WHAT THE TASK ASKS: Omit the pictures and reproduce the rest of the listing exactly.

INFORMATION:
+++
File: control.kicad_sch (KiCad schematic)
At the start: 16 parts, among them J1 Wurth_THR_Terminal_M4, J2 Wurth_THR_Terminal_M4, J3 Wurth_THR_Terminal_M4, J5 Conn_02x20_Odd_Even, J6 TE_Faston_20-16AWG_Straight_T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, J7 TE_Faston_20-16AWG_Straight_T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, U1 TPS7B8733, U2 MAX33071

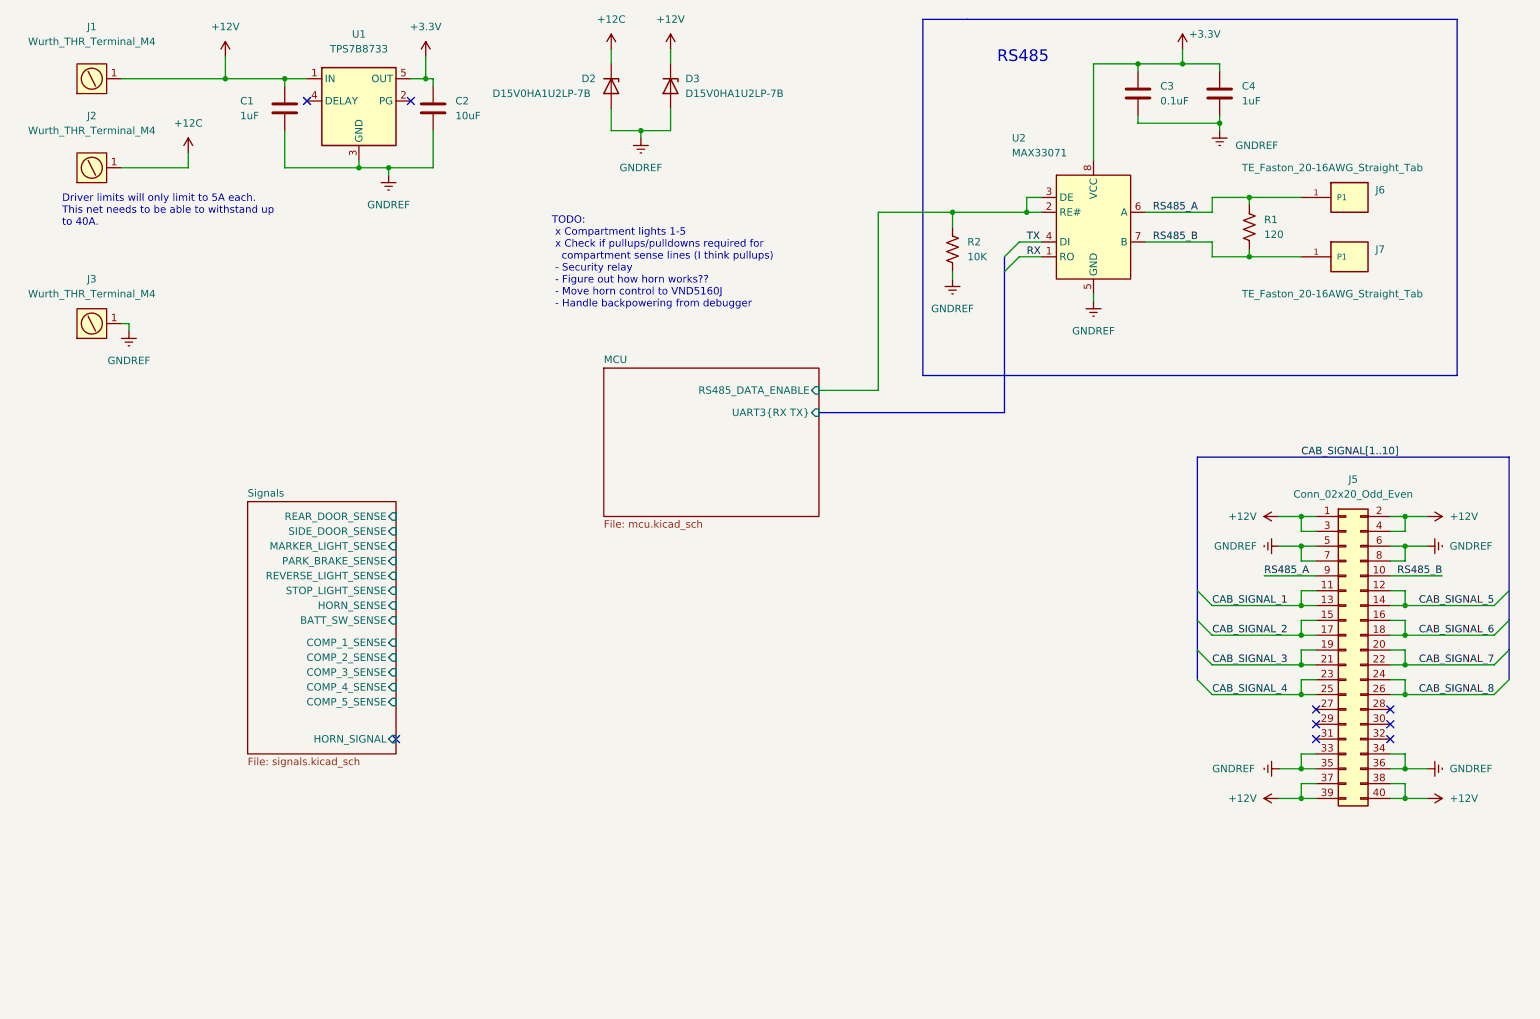
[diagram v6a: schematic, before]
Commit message: add cab signals and connect inputs
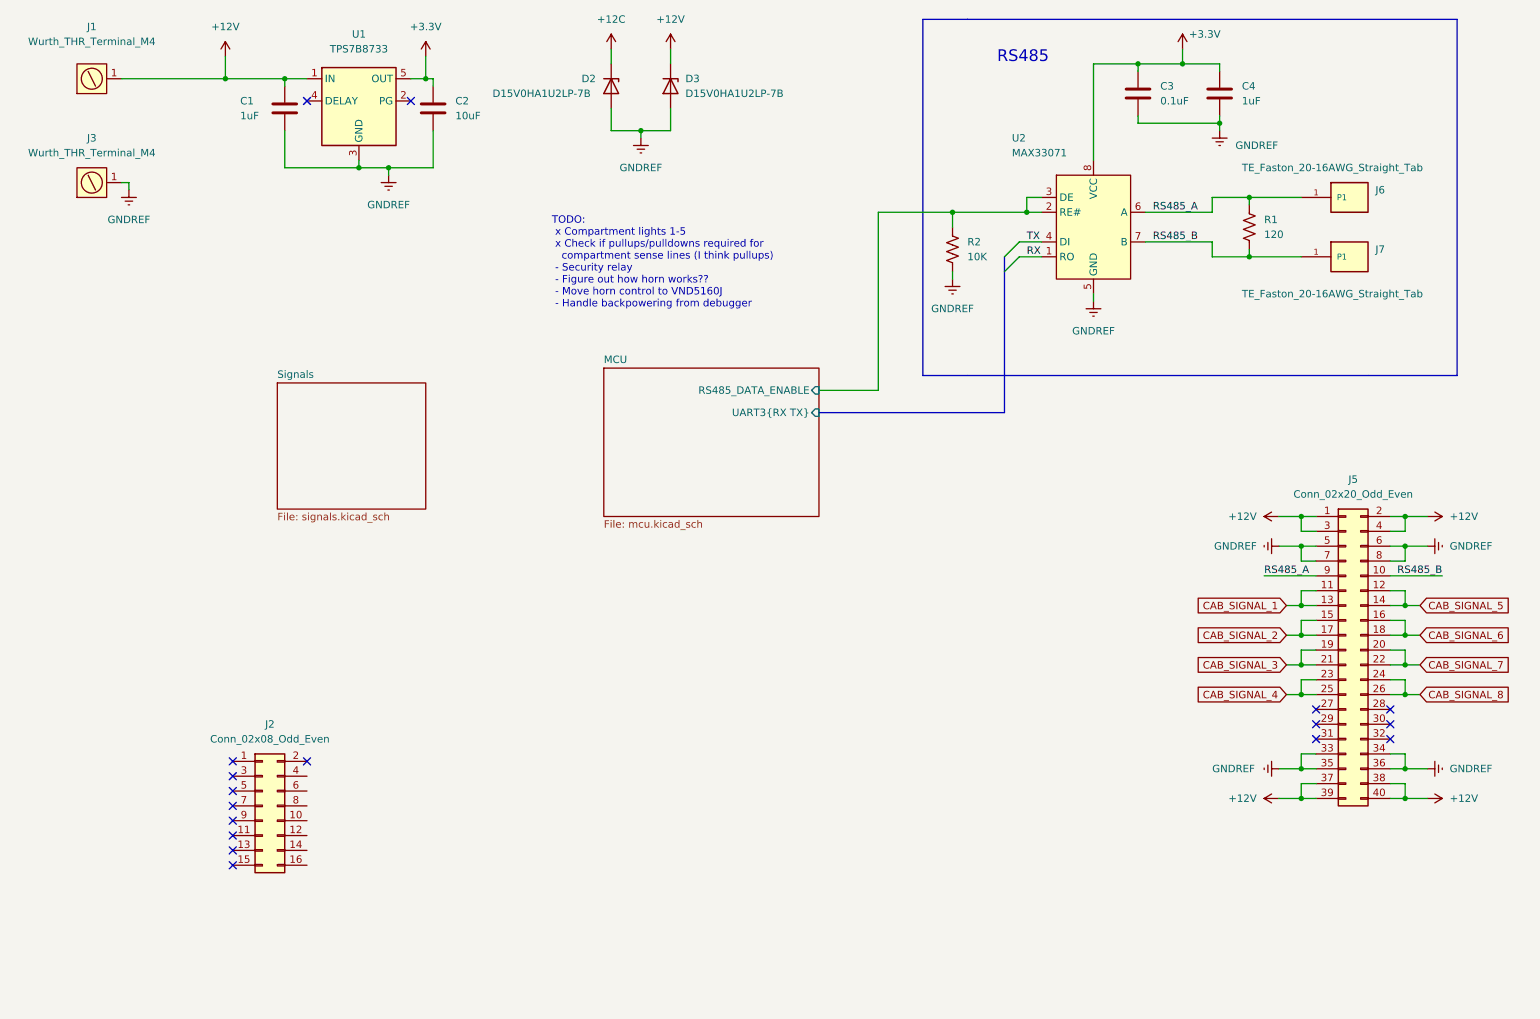
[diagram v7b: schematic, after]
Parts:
- removed J2: Wurth_THR_Terminal_M4, Toadly:Wurth_THR_Terminal_M4, symbol Toadly:Wurth_THR_Terminal_M4
- added J2: Conn_02x08_Odd_Even, Connector_PinHeader_2.54mm:PinHeader_2x08_P2.54mm_Vertical, symbol Connector_Generic:Conn_02x08_Odd_Even
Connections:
- no-connect marks 9 -> 17
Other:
- sheet Signals ports: added none; removed BATT_SW_SENSE, COMP_1_SENSE, COMP_2_SENSE, COMP_3_SENSE, COMP_4_SENSE, COMP_5_SENSE, HORN_SENSE, HORN_SIGNAL, MARKER_LIGHT_SENSE, PARK_BRAKE_SENSE, REAR_DOOR_SENSE, REVERSE_LIGHT_SENSE, SIDE_DOOR_SENSE, STOP_LIGHT_SENSE
- note removed: "Driver limits will only limit to 5A each. This net needs to be able to withstand up to 40A."
- moved on the sheet: J3

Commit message: connect signals to connectors, start layout
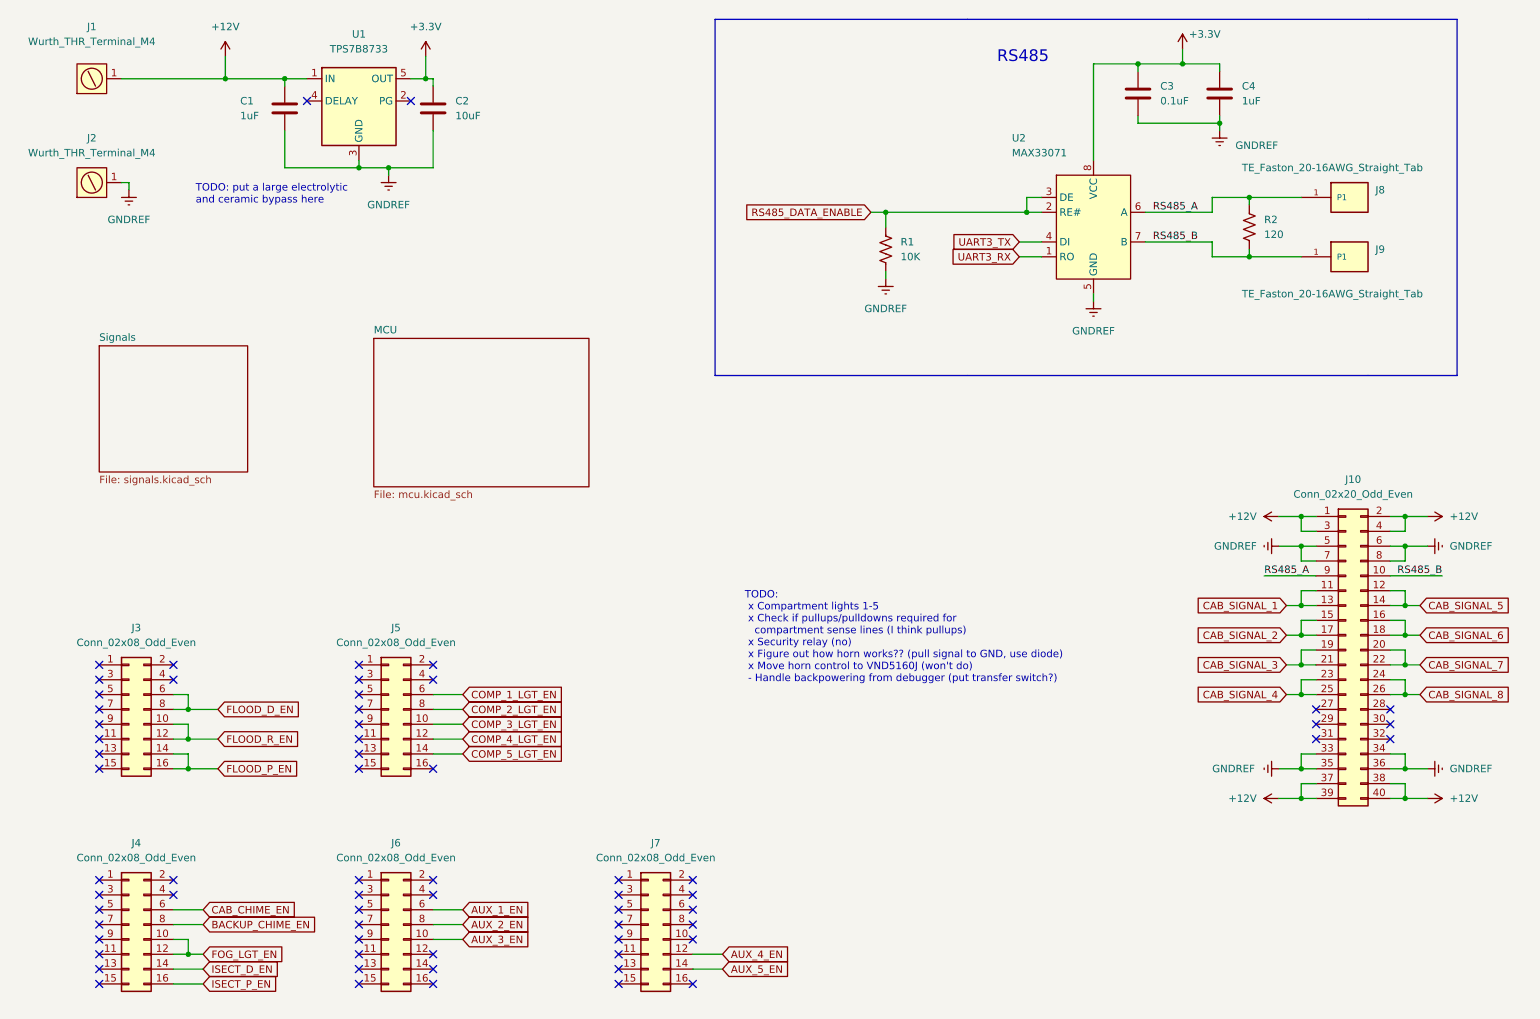
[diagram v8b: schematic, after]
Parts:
- removed D2, D3: D15V0HA1U2LP-7B, Diode_SMD:D_0402_1005Metric_Pad0.77x0.64mm_HandSolder, symbol Device:D_Zener
- added J4, J5, J6, J7: Conn_02x08_Odd_Even, Connector_PinHeader_2.54mm:PinHeader_2x08_P2.54mm_Vertical, symbol Connector_Generic:Conn_02x08_Odd_Even
- renumbered J5 to J10, J3 to J2, J2 to J3, J6 to J8, J7 to J9, R2 to R1, R1 to R2
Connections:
- net FLOOD_R_EN: now reaches J3.10 (Pin_10)
- net FLOOD_R_EN: now also J3.12 (Pin_12)
- net FLOOD_P_EN: now reaches J3.14 (Pin_14)
- net FLOOD_P_EN: now also J3.16 (Pin_16)
- net FLOOD_D_EN: now reaches J3.6 (Pin_6)
- net FLOOD_D_EN: now also J3.8 (Pin_8)
- net MCU/RS485_DATA_ENABLE renamed RS485_DATA_ENABLE
- net RX renamed UART3_RX
- net TX renamed UART3_TX
- new net AUX_1_EN: J6.6 (Pin_6)
- new net AUX_2_EN: J6.8 (Pin_8)
- new net AUX_3_EN: J6.10 (Pin_10)
- new net AUX_4_EN: J7.12 (Pin_12)
- new net AUX_5_EN: J7.14 (Pin_14)
- new net BACKUP_CHIME_EN: J4.8 (Pin_8)
- new net CAB_CHIME_EN: J4.6 (Pin_6)
- new net COMP_1_LGT_EN: J5.6 (Pin_6)
- new net COMP_2_LGT_EN: J5.8 (Pin_8)
- new net COMP_3_LGT_EN: J5.10 (Pin_10)
- new net COMP_4_LGT_EN: J5.12 (Pin_12)
- new net COMP_5_LGT_EN: J5.14 (Pin_14)
- new net FOG_LGT_EN: J4.10 (Pin_10), J4.12 (Pin_12)
- new net ISECT_D_EN: J4.14 (Pin_14)
- new net ISECT_P_EN: J4.16 (Pin_16)
- no-connect marks 17 -> 66
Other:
- sheet MCU ports: added none; removed RS485_DATA_ENABLE, UART3{RX TX}
- note added: "TODO: put a large electrolytic and ceramic bypass here"
- note added: "TODO: x Compartment lights 1-5 x Check if pullups/pulldowns required for compartment sense lines (I think pullups) x Security relay (no) x Figure out how horn works?? (pull signal to GND, use diode) x Move horn control to VND5160J (won't do) - Handle backpowering from debugger (put transfer switch?)"
- note removed: "TODO: x Compartment lights 1-5 x Check if pullups/pulldowns required for compartment sense lines (I think pullups) - Security relay - Figure out how horn works?? - Move horn control to VND5160J - Handle backpowering from debugger"
- moved on the sheet: J3, R1
+++
WRITTEN REPLY:
File: control.kicad_sch (KiCad schematic)
At the start: 16 parts, among them J1 Wurth_THR_Terminal_M4, J2 Wurth_THR_Terminal_M4, J3 Wurth_THR_Terminal_M4, J5 Conn_02x20_Odd_Even, J6 TE_Faston_20-16AWG_Straight_T, J7 TE_Faston_20-16AWG_Straight_T, U1 TPS7B8733, U2 MAX33071

[diagram v6a: schematic, before]
Commit message: add cab signals and connect inputs
[diagram v7b: schematic, after]
Parts:
- removed J2: Wurth_THR_Terminal_M4, Toadly:Wurth_THR_Terminal_M4, symbol Toadly:Wurth_THR_Terminal_M4
- added J2: Conn_02x08_Odd_Even, Connector_PinHeader_2.54mm:PinHeader_2x08_P2.54mm_Vertical, symbol Connector_Generic:Conn_02x08_Odd_Even
Connections:
- no-connect marks 9 -> 17
Other:
- sheet Signals ports: added none; removed BATT_SW_SENSE, COMP_1_SENSE, COMP_2_SENSE, COMP_3_SENSE, COMP_4_SENSE, COMP_5_SENSE, HORN_SENSE, HORN_SIGNAL, MARKER_LIGHT_SENSE, PARK_BRAKE_SENSE, REAR_DOOR_SENSE, REVERSE_LIGHT_SENSE, SIDE_DOOR_SENSE, STOP_LIGHT_SENSE
- note removed: "Driver limits will only limit to 5A each. This net needs to be able to withstand up to 40A."
- moved on the sheet: J3

Commit message: connect signals to connectors, start layout
[diagram v8b: schematic, after]
Parts:
- removed D2, D3: D15V0HA1U2LP-7B, Diode_SMD:D_0402_1005Metric_Pad0.77x0.64mm_HandSolder, symbol Device:D_Zener
- added J4, J5, J6, J7: Conn_02x08_Odd_Even, Connector_PinHeader_2.54mm:PinHeader_2x08_P2.54mm_Vertical, symbol Connector_Generic:Conn_02x08_Odd_Even
- renumbered J5 to J10, J3 to J2, J2 to J3, J6 to J8, J7 to J9, R2 to R1, R1 to R2
Connections:
- net FLOOD_R_EN: now reaches J3.10 (Pin_10)
- net FLOOD_R_EN: now also J3.12 (Pin_12)
- net FLOOD_P_EN: now reaches J3.14 (Pin_14)
- net FLOOD_P_EN: now also J3.16 (Pin_16)
- net FLOOD_D_EN: now reaches J3.6 (Pin_6)
- net FLOOD_D_EN: now also J3.8 (Pin_8)
- net MCU/RS485_DATA_ENABLE renamed RS485_DATA_ENABLE
- net RX renamed UART3_RX
- net TX renamed UART3_TX
- new net AUX_1_EN: J6.6 (Pin_6)
- new net AUX_2_EN: J6.8 (Pin_8)
- new net AUX_3_EN: J6.10 (Pin_10)
- new net AUX_4_EN: J7.12 (Pin_12)
- new net AUX_5_EN: J7.14 (Pin_14)
- new net BACKUP_CHIME_EN: J4.8 (Pin_8)
- new net CAB_CHIME_EN: J4.6 (Pin_6)
- new net COMP_1_LGT_EN: J5.6 (Pin_6)
- new net COMP_2_LGT_EN: J5.8 (Pin_8)
- new net COMP_3_LGT_EN: J5.10 (Pin_10)
- new net COMP_4_LGT_EN: J5.12 (Pin_12)
- new net COMP_5_LGT_EN: J5.14 (Pin_14)
- new net FOG_LGT_EN: J4.10 (Pin_10), J4.12 (Pin_12)
- new net ISECT_D_EN: J4.14 (Pin_14)
- new net ISECT_P_EN: J4.16 (Pin_16)
- no-connect marks 17 -> 66
Other:
- sheet MCU ports: added none; removed RS485_DATA_ENABLE, UART3{RX TX}
- note added: "TODO: put a large electrolytic and ceramic bypass here"
- note added: "TODO: x Compartment lights 1-5 x Check if pullups/pulldowns required for compartment sense lines (I think pullups) x Security relay (no) x Figure out how horn works?? (pull signal to GND, use diode) x Move horn control to VND5160J (won't do) - Handle backpowering from debugger (put transfer switch?)"
- note removed: "TODO: x Compartment lights 1-5 x Check if pullups/pulldowns required for compartment sense lines (I think pullups) - Security relay - Figure out how horn works?? - Move horn control to VND5160J - Handle backpowering from debugger"
- moved on the sheet: J3, R1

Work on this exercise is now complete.